• Directions for this task
What is needed is each line of the data below that holds the string "mechanical".

###

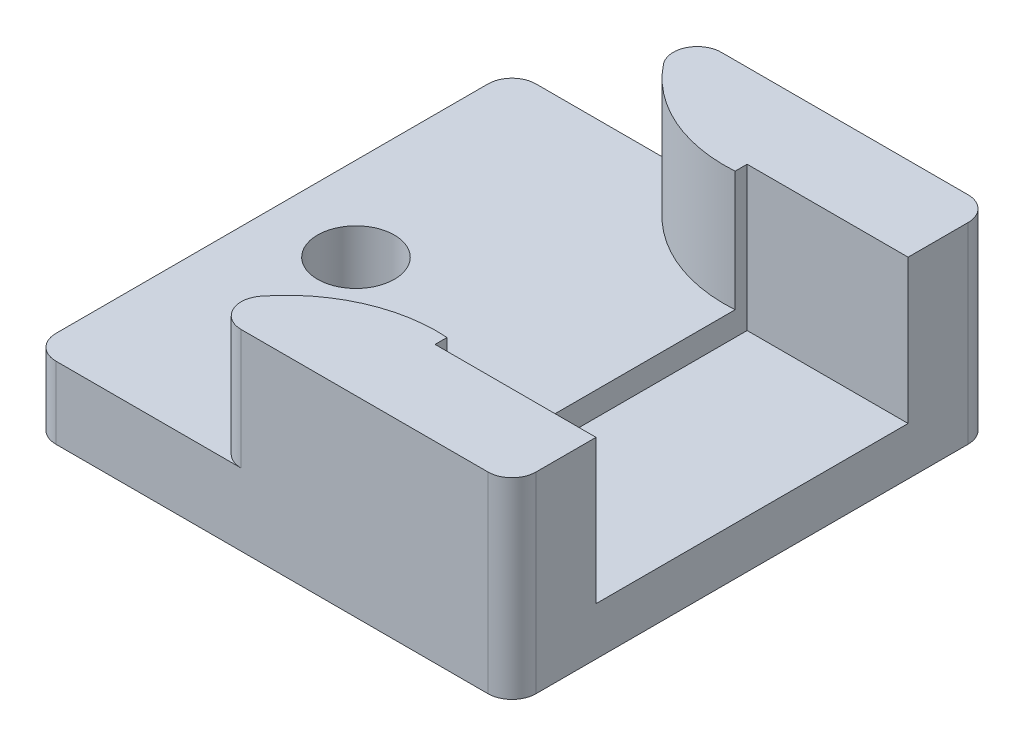
ISO-10303-21;
HEADER;
FILE_DESCRIPTION(('STEP AP214'),'2;1');
FILE_NAME('part.step','',(''),(''),'','','');
FILE_SCHEMA(('AUTOMOTIVE_DESIGN { 1 0 10303 214 1 1 1 1 }'));
ENDSEC;
DATA;
#1=APPLICATION_CONTEXT('core data for automotive mechanical design processes');
#2=APPLICATION_PROTOCOL_DEFINITION('international standard','automotive_design',2000,#1);
#3=PRODUCT_CONTEXT('',#1,'mechanical');
#4=PRODUCT('Part','Part','',(#3));
#5=PRODUCT_RELATED_PRODUCT_CATEGORY('part','',(#4));
#6=PRODUCT_DEFINITION_FORMATION('','',#4);
#7=PRODUCT_DEFINITION_CONTEXT('part definition',#1,'design');
#8=PRODUCT_DEFINITION('design','',#6,#7);
#9=PRODUCT_DEFINITION_SHAPE('','',#8);
#10=(LENGTH_UNIT() NAMED_UNIT(*) SI_UNIT(.MILLI.,.METRE.));
#11=(NAMED_UNIT(*) PLANE_ANGLE_UNIT() SI_UNIT($,.RADIAN.));
#12=(NAMED_UNIT(*) SI_UNIT($,.STERADIAN.) SOLID_ANGLE_UNIT());
#13=UNCERTAINTY_MEASURE_WITH_UNIT(LENGTH_MEASURE(1.E-05),#10,'distance_accuracy_value','');
#14=(GEOMETRIC_REPRESENTATION_CONTEXT(3) GLOBAL_UNCERTAINTY_ASSIGNED_CONTEXT((#13)) GLOBAL_UNIT_ASSIGNED_CONTEXT((#10,
#11,#12)) REPRESENTATION_CONTEXT('',''));
#15=CARTESIAN_POINT('',(0.,0.,0.));
#16=DIRECTION('',(0.,0.,1.));
#17=DIRECTION('',(1.,0.,0.));
#18=AXIS2_PLACEMENT_3D('',#15,#16,#17);
#19=CARTESIAN_POINT('',(-10.8433734939759,8.,-8.47389558232932));
#20=DIRECTION('',(1.,0.,0.));
#21=DIRECTION('',(0.,0.,-1.));
#22=AXIS2_PLACEMENT_3D('',#19,#20,#21);
#23=PLANE('',#22);
#24=DIRECTION('',(0.,0.,1.));
#25=VECTOR('',#24,1.);
#26=CARTESIAN_POINT('',(-10.8433734939759,3.,0.));
#27=LINE('',#26,#25);
#28=CARTESIAN_POINT('',(-10.8433734939759,3.,-7.47389558232932));
#29=VERTEX_POINT('',#28);
#30=CARTESIAN_POINT('',(-10.8433734939759,3.,10.5261044176707));
#31=VERTEX_POINT('',#30);
#32=EDGE_CURVE('E314',#29,#31,#27,.T.);
#33=ORIENTED_EDGE('',*,*,#32,.F.);
#34=DIRECTION('',(0.,-1.,0.));
#35=VECTOR('',#34,1.);
#36=CARTESIAN_POINT('',(-10.8433734939759,8.,-7.47389558232932));
#37=LINE('',#36,#35);
#38=CARTESIAN_POINT('',(-10.8433734939759,0.,-7.47389558232932));
#39=VERTEX_POINT('',#38);
#40=EDGE_CURVE('E284',#29,#39,#37,.T.);
#41=ORIENTED_EDGE('',*,*,#40,.T.);
#42=DIRECTION('',(0.,0.,1.));
#43=VECTOR('',#42,1.);
#44=CARTESIAN_POINT('',(-10.8433734939759,0.,-8.47389558232932));
#45=LINE('',#44,#43);
#46=CARTESIAN_POINT('',(-10.8433734939759,0.,10.5261044176707));
#47=VERTEX_POINT('',#46);
#48=EDGE_CURVE('E216',#39,#47,#45,.T.);
#49=ORIENTED_EDGE('',*,*,#48,.T.);
#50=DIRECTION('',(0.,-1.,0.));
#51=VECTOR('',#50,1.);
#52=CARTESIAN_POINT('',(-10.8433734939759,8.,10.5261044176707));
#53=LINE('',#52,#51);
#54=EDGE_CURVE('E48',#47,#31,#53,.F.);
#55=ORIENTED_EDGE('',*,*,#54,.T.);
#56=EDGE_LOOP('',(#33,#41,#49,#55));
#57=FACE_BOUND('',#56,.T.);
#58=ADVANCED_FACE('F33',(#57),#23,.F.);
#59=CARTESIAN_POINT('',(-10.8433734939759,8.,11.5261044176707));
#60=DIRECTION('',(0.,0.,-1.));
#61=DIRECTION('',(-1.,0.,0.));
#62=AXIS2_PLACEMENT_3D('',#59,#60,#61);
#63=PLANE('',#62);
#64=DIRECTION('',(1.,0.,0.));
#65=VECTOR('',#64,1.);
#66=CARTESIAN_POINT('',(-10.8433734939759,8.,11.5261044176707));
#67=LINE('',#66,#65);
#68=CARTESIAN_POINT('',(-2.1258573550839,8.,11.5261044176707));
#69=VERTEX_POINT('',#68);
#70=CARTESIAN_POINT('',(8.1566265060241,8.,11.5261044176707));
#71=VERTEX_POINT('',#70);
#72=EDGE_CURVE('E223',#69,#71,#67,.T.);
#73=ORIENTED_EDGE('',*,*,#72,.F.);
#74=DIRECTION('',(0.,-1.,0.));
#75=VECTOR('',#74,1.);
#76=CARTESIAN_POINT('',(-2.1258573550839,3.,11.5261044176707));
#77=LINE('',#76,#75);
#78=CARTESIAN_POINT('',(-2.1258573550839,3.,11.5261044176707));
#79=VERTEX_POINT('',#78);
#80=EDGE_CURVE('E267',#69,#79,#77,.T.);
#81=ORIENTED_EDGE('',*,*,#80,.T.);
#82=DIRECTION('',(1.,0.,0.));
#83=VECTOR('',#82,1.);
#84=CARTESIAN_POINT('',(0.,3.,11.5261044176707));
#85=LINE('',#84,#83);
#86=CARTESIAN_POINT('',(-9.84337349397591,3.,11.5261044176707));
#87=VERTEX_POINT('',#86);
#88=EDGE_CURVE('E190',#87,#79,#85,.T.);
#89=ORIENTED_EDGE('',*,*,#88,.F.);
#90=DIRECTION('',(0.,-1.,0.));
#91=VECTOR('',#90,1.);
#92=CARTESIAN_POINT('',(-9.84337349397591,8.,11.5261044176707));
#93=LINE('',#92,#91);
#94=CARTESIAN_POINT('',(-9.84337349397591,0.,11.5261044176707));
#95=VERTEX_POINT('',#94);
#96=EDGE_CURVE('E264',#87,#95,#93,.T.);
#97=ORIENTED_EDGE('',*,*,#96,.T.);
#98=DIRECTION('',(1.,0.,0.));
#99=VECTOR('',#98,1.);
#100=CARTESIAN_POINT('',(-10.8433734939759,0.,11.5261044176707));
#101=LINE('',#100,#99);
#102=CARTESIAN_POINT('',(8.1566265060241,0.,11.5261044176707));
#103=VERTEX_POINT('',#102);
#104=EDGE_CURVE('E235',#95,#103,#101,.T.);
#105=ORIENTED_EDGE('',*,*,#104,.T.);
#106=DIRECTION('',(0.,-1.,0.));
#107=VECTOR('',#106,1.);
#108=CARTESIAN_POINT('',(8.1566265060241,8.,11.5261044176707));
#109=LINE('',#108,#107);
#110=EDGE_CURVE('E262',#103,#71,#109,.F.);
#111=ORIENTED_EDGE('',*,*,#110,.T.);
#112=EDGE_LOOP('',(#73,#81,#89,#97,#105,#111));
#113=FACE_BOUND('',#112,.T.);
#114=ADVANCED_FACE('F343',(#113),#63,.F.);
#115=CARTESIAN_POINT('',(0.,8.,0.));
#116=DIRECTION('',(0.,1.,0.));
#117=DIRECTION('',(0.,0.,1.));
#118=AXIS2_PLACEMENT_3D('',#115,#116,#117);
#119=PLANE('',#118);
#120=CARTESIAN_POINT('',(2.02042580318857,8.,13.7850908464605));
#121=DIRECTION('',(0.,1.,0.));
#122=DIRECTION('',(0.,0.,1.));
#123=AXIS2_PLACEMENT_3D('',#120,#121,#122);
#124=CIRCLE('',#123,6.27377062182365);
#125=CARTESIAN_POINT('',(2.45087521889543,8.,7.52610441767068));
#126=VERTEX_POINT('',#125);
#127=CARTESIAN_POINT('',(-2.91206583011968,8.,9.90814306468661));
#128=VERTEX_POINT('',#127);
#129=EDGE_CURVE('E319',#126,#128,#124,.T.);
#130=ORIENTED_EDGE('',*,*,#129,.T.);
#131=CARTESIAN_POINT('',(-2.1258573550839,8.,10.5261044176707));
#132=DIRECTION('',(0.,1.,0.));
#133=DIRECTION('',(0.,0.,1.));
#134=AXIS2_PLACEMENT_3D('',#131,#132,#133);
#135=CIRCLE('',#134,1.);
#136=EDGE_CURVE('E260',#128,#69,#135,.T.);
#137=ORIENTED_EDGE('',*,*,#136,.T.);
#138=ORIENTED_EDGE('',*,*,#72,.T.);
#139=CARTESIAN_POINT('',(8.15662650602409,8.,10.5261044176707));
#140=DIRECTION('',(0.,1.,0.));
#141=DIRECTION('',(0.,0.,1.));
#142=AXIS2_PLACEMENT_3D('',#139,#140,#141);
#143=CIRCLE('',#142,1.);
#144=CARTESIAN_POINT('',(9.15662650602409,8.,10.5261044176707));
#145=VERTEX_POINT('',#144);
#146=EDGE_CURVE('E258',#71,#145,#143,.T.);
#147=ORIENTED_EDGE('',*,*,#146,.T.);
#148=DIRECTION('',(0.,0.,-1.));
#149=VECTOR('',#148,1.);
#150=CARTESIAN_POINT('',(9.15662650602409,8.,-8.47389558232932));
#151=LINE('',#150,#149);
#152=CARTESIAN_POINT('',(9.15662650602409,8.,8.02610441767068));
#153=VERTEX_POINT('',#152);
#154=EDGE_CURVE('E228',#145,#153,#151,.T.);
#155=ORIENTED_EDGE('',*,*,#154,.T.);
#156=DIRECTION('',(1.,0.,0.));
#157=VECTOR('',#156,1.);
#158=CARTESIAN_POINT('',(9.15662650602409,8.,8.02610441767068));
#159=LINE('',#158,#157);
#160=CARTESIAN_POINT('',(2.45087521889543,8.,8.02610441767068));
#161=VERTEX_POINT('',#160);
#162=EDGE_CURVE('E200',#161,#153,#159,.T.);
#163=ORIENTED_EDGE('',*,*,#162,.F.);
#164=DIRECTION('',(0.,0.,1.));
#165=VECTOR('',#164,1.);
#166=CARTESIAN_POINT('',(2.45087521889543,8.,-4.97389558232932));
#167=LINE('',#166,#165);
#168=EDGE_CURVE('E188',#126,#161,#167,.T.);
#169=ORIENTED_EDGE('',*,*,#168,.F.);
#170=EDGE_LOOP('',(#130,#137,#138,#147,#155,#163,#169));
#171=FACE_BOUND('',#170,.T.);
#172=ADVANCED_FACE('F340',(#171),#119,.T.);
#173=CARTESIAN_POINT('',(2.45087521889543,2.,-4.97389558232932));
#174=DIRECTION('',(-1.,0.,0.));
#175=DIRECTION('',(0.,0.,1.));
#176=AXIS2_PLACEMENT_3D('',#173,#174,#175);
#177=PLANE('',#176);
#178=DIRECTION('',(0.,1.,0.));
#179=VECTOR('',#178,1.);
#180=CARTESIAN_POINT('',(2.45087521889543,3.,7.52610441767068));
#181=LINE('',#180,#179);
#182=CARTESIAN_POINT('',(2.45087521889543,3.,7.52610441767068));
#183=VERTEX_POINT('',#182);
#184=EDGE_CURVE('E185',#183,#126,#181,.T.);
#185=ORIENTED_EDGE('',*,*,#184,.T.);
#186=ORIENTED_EDGE('',*,*,#168,.T.);
#187=DIRECTION('',(0.,1.,0.));
#188=VECTOR('',#187,1.);
#189=CARTESIAN_POINT('',(2.45087521889543,2.,8.02610441767068));
#190=LINE('',#189,#188);
#191=CARTESIAN_POINT('',(2.45087521889543,2.,8.02610441767068));
#192=VERTEX_POINT('',#191);
#193=EDGE_CURVE('E217',#192,#161,#190,.T.);
#194=ORIENTED_EDGE('',*,*,#193,.F.);
#195=DIRECTION('',(0.,0.,1.));
#196=VECTOR('',#195,1.);
#197=CARTESIAN_POINT('',(2.45087521889543,2.,-4.97389558232932));
#198=LINE('',#197,#196);
#199=CARTESIAN_POINT('',(2.45087521889543,2.,-4.97389558232932));
#200=VERTEX_POINT('',#199);
#201=EDGE_CURVE('E203',#200,#192,#198,.T.);
#202=ORIENTED_EDGE('',*,*,#201,.F.);
#203=DIRECTION('',(0.,1.,0.));
#204=VECTOR('',#203,1.);
#205=CARTESIAN_POINT('',(2.45087521889543,2.,-4.97389558232932));
#206=LINE('',#205,#204);
#207=CARTESIAN_POINT('',(2.45087521889543,8.,-4.97389558232932));
#208=VERTEX_POINT('',#207);
#209=EDGE_CURVE('E220',#200,#208,#206,.T.);
#210=ORIENTED_EDGE('',*,*,#209,.T.);
#211=CARTESIAN_POINT('',(2.45087521889543,8.,-4.47389558232932));
#212=VERTEX_POINT('',#211);
#213=EDGE_CURVE('E183',#208,#212,#167,.T.);
#214=ORIENTED_EDGE('',*,*,#213,.T.);
#215=DIRECTION('',(0.,1.,0.));
#216=VECTOR('',#215,1.);
#217=CARTESIAN_POINT('',(2.45087521889543,3.,-4.47389558232932));
#218=LINE('',#217,#216);
#219=CARTESIAN_POINT('',(2.45087521889543,3.,-4.47389558232932));
#220=VERTEX_POINT('',#219);
#221=EDGE_CURVE('E163',#220,#212,#218,.T.);
#222=ORIENTED_EDGE('',*,*,#221,.F.);
#223=DIRECTION('',(0.,0.,-1.));
#224=VECTOR('',#223,1.);
#225=CARTESIAN_POINT('',(2.45087521889543,3.,0.));
#226=LINE('',#225,#224);
#227=EDGE_CURVE('E170',#183,#220,#226,.T.);
#228=ORIENTED_EDGE('',*,*,#227,.F.);
#229=EDGE_LOOP('',(#185,#186,#194,#202,#210,#214,#222,#228));
#230=FACE_BOUND('',#229,.T.);
#231=ADVANCED_FACE('F181',(#230),#177,.F.);
#232=CARTESIAN_POINT('',(9.15662650602409,8.,-8.47389558232932));
#233=DIRECTION('',(-1.,0.,0.));
#234=DIRECTION('',(0.,0.,1.));
#235=AXIS2_PLACEMENT_3D('',#232,#233,#234);
#236=PLANE('',#235);
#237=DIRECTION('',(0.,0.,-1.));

###

• Response below
#1=APPLICATION_CONTEXT('core data for automotive mechanical design processes');
#3=PRODUCT_CONTEXT('',#1,'mechanical');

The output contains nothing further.